When the vapor pressure of water (Pvap2) equals the external pressure, no liquid water will remain in the flask.
Given:
External pressure = Pvap2 = 373.63 mmHg (from step 2)
Using the Ideal Gas Law, PV = nRT, where
P = pressure (mmHg)
V = volume (L)
n = number of moles
R = gas constant = 0.0821 L*atm/(mol*K) (Rearranged to mmHg units)
T = temperature (K)
Plugging in the values:
(373.63 mmHg) * V = n * (0.0821 L*atm/(mol*K)) * (301.15 K)
Simplifying:
V = (n * (0.0821 L*atm/(mol*K)) * (301.15 K)) / (373.63 mmHg)

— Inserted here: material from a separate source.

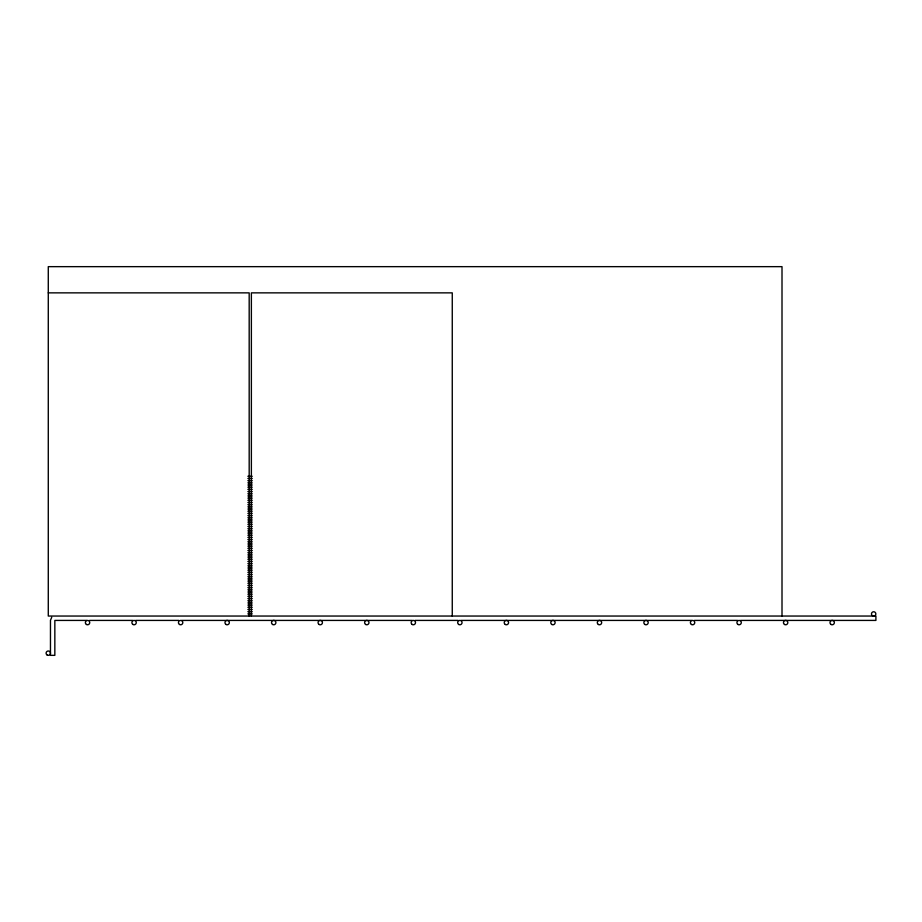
<?xml version="1.0" encoding="UTF-8"?>
<svg xmlns="http://www.w3.org/2000/svg" width="922" height="922" viewBox="0 0 922 922"><rect width="100%" height="100%" fill="white"/><g stroke="black" fill="none" stroke-linecap="round" stroke-linejoin="round"><path stroke-width="1.38" d="M51.736 617.302L50.468 620.264L50.468 655.346L54.836 655.346L54.847 620.425L86.668 620.414M48.278 292.862L249.182 292.862L249.182 616.046M247.868 476.282L252.179 476.282M247.868 478.472L252.179 478.472M247.868 480.65L252.179 480.65M247.868 482.84L252.179 482.84M247.868 485.018L252.179 485.018M247.868 487.208L252.179 487.208M247.868 489.386L252.179 489.386M247.868 491.576L252.179 491.576M247.868 493.754L252.179 493.754M247.868 495.944L252.179 495.944M247.868 498.122L252.179 498.122M247.868 500.312L252.179 500.312M247.868 502.49L252.179 502.49M247.868 504.668L252.179 504.668M247.868 506.858L252.179 506.858M247.868 509.036L252.179 509.036M247.868 511.226L252.179 511.226M247.868 513.404L252.179 513.404M247.868 515.594L252.179 515.594M247.868 517.772L252.179 517.772M247.868 519.962L252.179 519.962M247.868 522.14L252.179 522.14M247.868 524.33L252.179 524.33M247.868 526.508L252.179 526.508M247.868 528.698L252.179 528.698M247.868 530.876L252.179 530.876M247.868 533.066L252.179 533.066M247.868 535.244L252.179 535.244M247.868 537.434L252.179 537.434M247.868 539.612L252.179 539.612M247.868 541.802L252.179 541.802M247.868 543.98L252.179 543.98M247.868 546.158L252.179 546.158M247.868 548.348L252.179 548.348M247.868 550.526L252.179 550.526M247.868 552.716L252.179 552.716M247.868 554.894L252.179 554.894M247.868 557.084L252.179 557.084M247.868 559.262L252.179 559.262M247.868 561.452L252.179 561.452M247.868 563.63L252.179 563.63M247.868 565.82L252.179 565.82M247.868 567.998L252.179 567.998M247.868 570.188L252.179 570.188M247.868 572.366L252.179 572.366M247.868 574.556L252.179 574.556M247.868 576.734L252.179 576.734M247.868 578.924L252.179 578.924M247.868 581.102L252.179 581.102M247.868 583.292L252.179 583.292M247.868 585.47L252.179 585.47M247.868 587.648L252.179 587.648M247.868 589.838L252.179 589.838M247.868 592.016L252.179 592.016M247.868 594.206L252.179 594.206M247.868 596.384L252.179 596.384M247.868 598.574L252.179 598.574M247.868 600.752L252.179 600.752M247.868 602.942L252.179 602.942M247.868 605.12L252.179 605.12M247.868 607.31L252.179 607.31M247.868 609.488L252.179 609.488M247.868 611.678L252.179 611.678M247.868 613.856L252.179 613.856M89.538 620.414L132.745 620.414M135.626 620.414L178.833 620.414M181.715 620.414L412.146 620.414M415.027 620.414L458.234 620.414M461.115 620.414L691.558 620.414M694.427 620.414L737.635 620.414M740.516 620.414L875.9 620.414L875.9 616.046L48.278 616.046L48.278 266.654L782.006 266.654L782.006 616.046M452.264 616.046L452.264 292.862L251.372 292.862L251.372 616.046M784.553 624.482A2.178 2.178 0 0 0 787.826 622.592A2.178 2.178 0 0 0 784.553 620.702A2.178 2.178 0 0 0 784.553 624.482M319.15 624.482A2.178 2.178 0 0 0 322.435 622.592A2.178 2.178 0 0 0 319.15 620.702A2.178 2.178 0 0 0 319.15 624.482M691.477 624.482A2.178 2.178 0 0 0 694.75 622.592A2.178 2.178 0 0 0 691.477 620.702A2.178 2.178 0 0 0 691.477 624.482M226.074 624.482A2.178 2.178 0 0 0 229.348 622.592A2.178 2.178 0 0 0 226.074 620.702A2.178 2.178 0 0 0 226.074 624.482M458.776 624.482A2.178 2.178 0 0 0 462.049 622.592A2.178 2.178 0 0 0 458.776 620.702A2.178 2.178 0 0 0 458.776 624.482M598.39 624.482A2.178 2.178 0 0 0 601.674 622.592A2.178 2.178 0 0 0 598.39 620.702A2.178 2.178 0 0 0 598.39 624.482M644.939 624.482A2.178 2.178 0 0 0 648.212 622.592A2.178 2.178 0 0 0 644.939 620.702A2.178 2.178 0 0 0 644.939 624.482M132.999 624.482A2.178 2.178 0 0 0 136.272 622.592A2.178 2.178 0 0 0 132.999 620.702A2.178 2.178 0 0 0 132.999 624.482M551.852 624.482A2.178 2.178 0 0 0 555.125 622.592A2.178 2.178 0 0 0 551.852 620.702A2.178 2.178 0 0 0 551.852 624.482M179.536 624.482A2.178 2.178 0 0 0 182.81 622.592A2.178 2.178 0 0 0 179.536 620.702A2.178 2.178 0 0 0 179.536 624.482M831.091 624.482A2.178 2.178 0 0 0 834.364 622.592A2.178 2.178 0 0 0 831.091 620.702A2.178 2.178 0 0 0 831.091 624.482M505.314 624.482A2.178 2.178 0 0 0 508.587 622.592A2.178 2.178 0 0 0 505.314 620.702A2.178 2.178 0 0 0 505.314 624.482M365.7 624.482A2.178 2.178 0 0 0 368.973 622.592A2.178 2.178 0 0 0 365.7 620.702A2.178 2.178 0 0 0 365.7 624.482M272.612 624.482A2.178 2.178 0 0 0 275.897 622.592A2.178 2.178 0 0 0 272.612 620.702A2.178 2.178 0 0 0 272.612 624.482M412.238 624.482A2.178 2.178 0 0 0 415.511 622.592A2.178 2.178 0 0 0 412.238 620.702A2.178 2.178 0 0 0 412.238 624.482M872.569 615.827A2.178 2.178 0 0 0 875.842 613.937A2.178 2.178 0 0 0 872.569 612.047A2.178 2.178 0 0 0 872.569 615.827M47.195 655.058A2.178 2.178 0 0 0 50.468 653.168A2.178 2.178 0 0 0 47.195 651.278A2.178 2.178 0 0 0 47.195 655.058M86.461 624.482A2.178 2.178 0 0 0 89.734 622.592A2.178 2.178 0 0 0 86.461 620.702A2.178 2.178 0 0 0 86.461 624.482M738.015 624.482A2.178 2.178 0 0 0 741.288 622.592A2.178 2.178 0 0 0 738.015 620.702A2.178 2.178 0 0 0 738.015 624.482"/></g></svg>

The number of moles (n) can be calculated using the molar mass of water (18.015 g/mol) and the mass of water present (0.60 g).
n = (0.60 g) / (18.015 g/mol)
Solving for the minimum volume (V):
V = [(0.60 g) / (18.015 g/mol)] * (0.0821 L*atm/(mol*K)) * (301.15 K) / (373.63 mmHg)
To determine the minimum volume of the flask in order to have no liquid water present, we need to consider the equilibrium conditions between the liquid and vapor phases of water.
At 28 degrees Celsius, the vapor pressure of water is given as 28.36 mmHg. This means that when the vapor pressure inside the flask reaches this value, the liquid water will start to evaporate and coexist with the vapor phase.
To calculate the minimum volume of the flask, we can approach this problem using the Ideal Gas Law and the concept of partial pressure.
Step 1: Convert the water mass into moles.
The molar mass of water (H2O) is approximately 18 g/mol. Thus, the number of moles of water present can be calculated as follows:
moles of water = mass of water / molar mass of water
moles of water = 0.60 g / 18 g/mol
moles of water ≈ 0.0333 mol
Step 2: Determine the partial pressure of the water vapor inside the flask.
The partial pressure of the water vapor is given as 28.36 mmHg, which is its equilibrium vapor pressure at 28 degrees Celsius.
Step 3: Apply the Ideal Gas Law to find the volume required.
The Ideal Gas Law equation is:
PV = nRT
Where:
P = pressure (in atm)
V = volume (in liters)
n = number of moles
R = ideal gas constant (0.0821 L•atm/K•mol)
T = temperature (in Kelvin)
Since we are given the pressure in mmHg and the molar mass of water is in grams, we need to convert these units into atm and Kelvin, respectively.
Convert pressure from mmHg to atm:
1 atm = 760 mmHg
28.36 mmHg ÷ 760 mmHg/atm ≈ 0.0373 atm (to four significant figures)
Convert temperature from Celsius to Kelvin:
T(K) = T(°C) + 273.15
T(K) = 28°C + 273.15 K ≈ 301.15 K (to four significant figures)
Now we can substitute the values into the Ideal Gas Law equation to solve for the volume (V):
V = (nRT) / P
V = (0.0333 mol)(0.0821 L•atm/K•mol)(301.15 K) / 0.0373 atm
V ≈ 0.665 L (to three significant figures)
Therefore, the minimum volume of the flask to ensure no liquid water is present at 28 degrees Celsius is approximately 0.665 liters.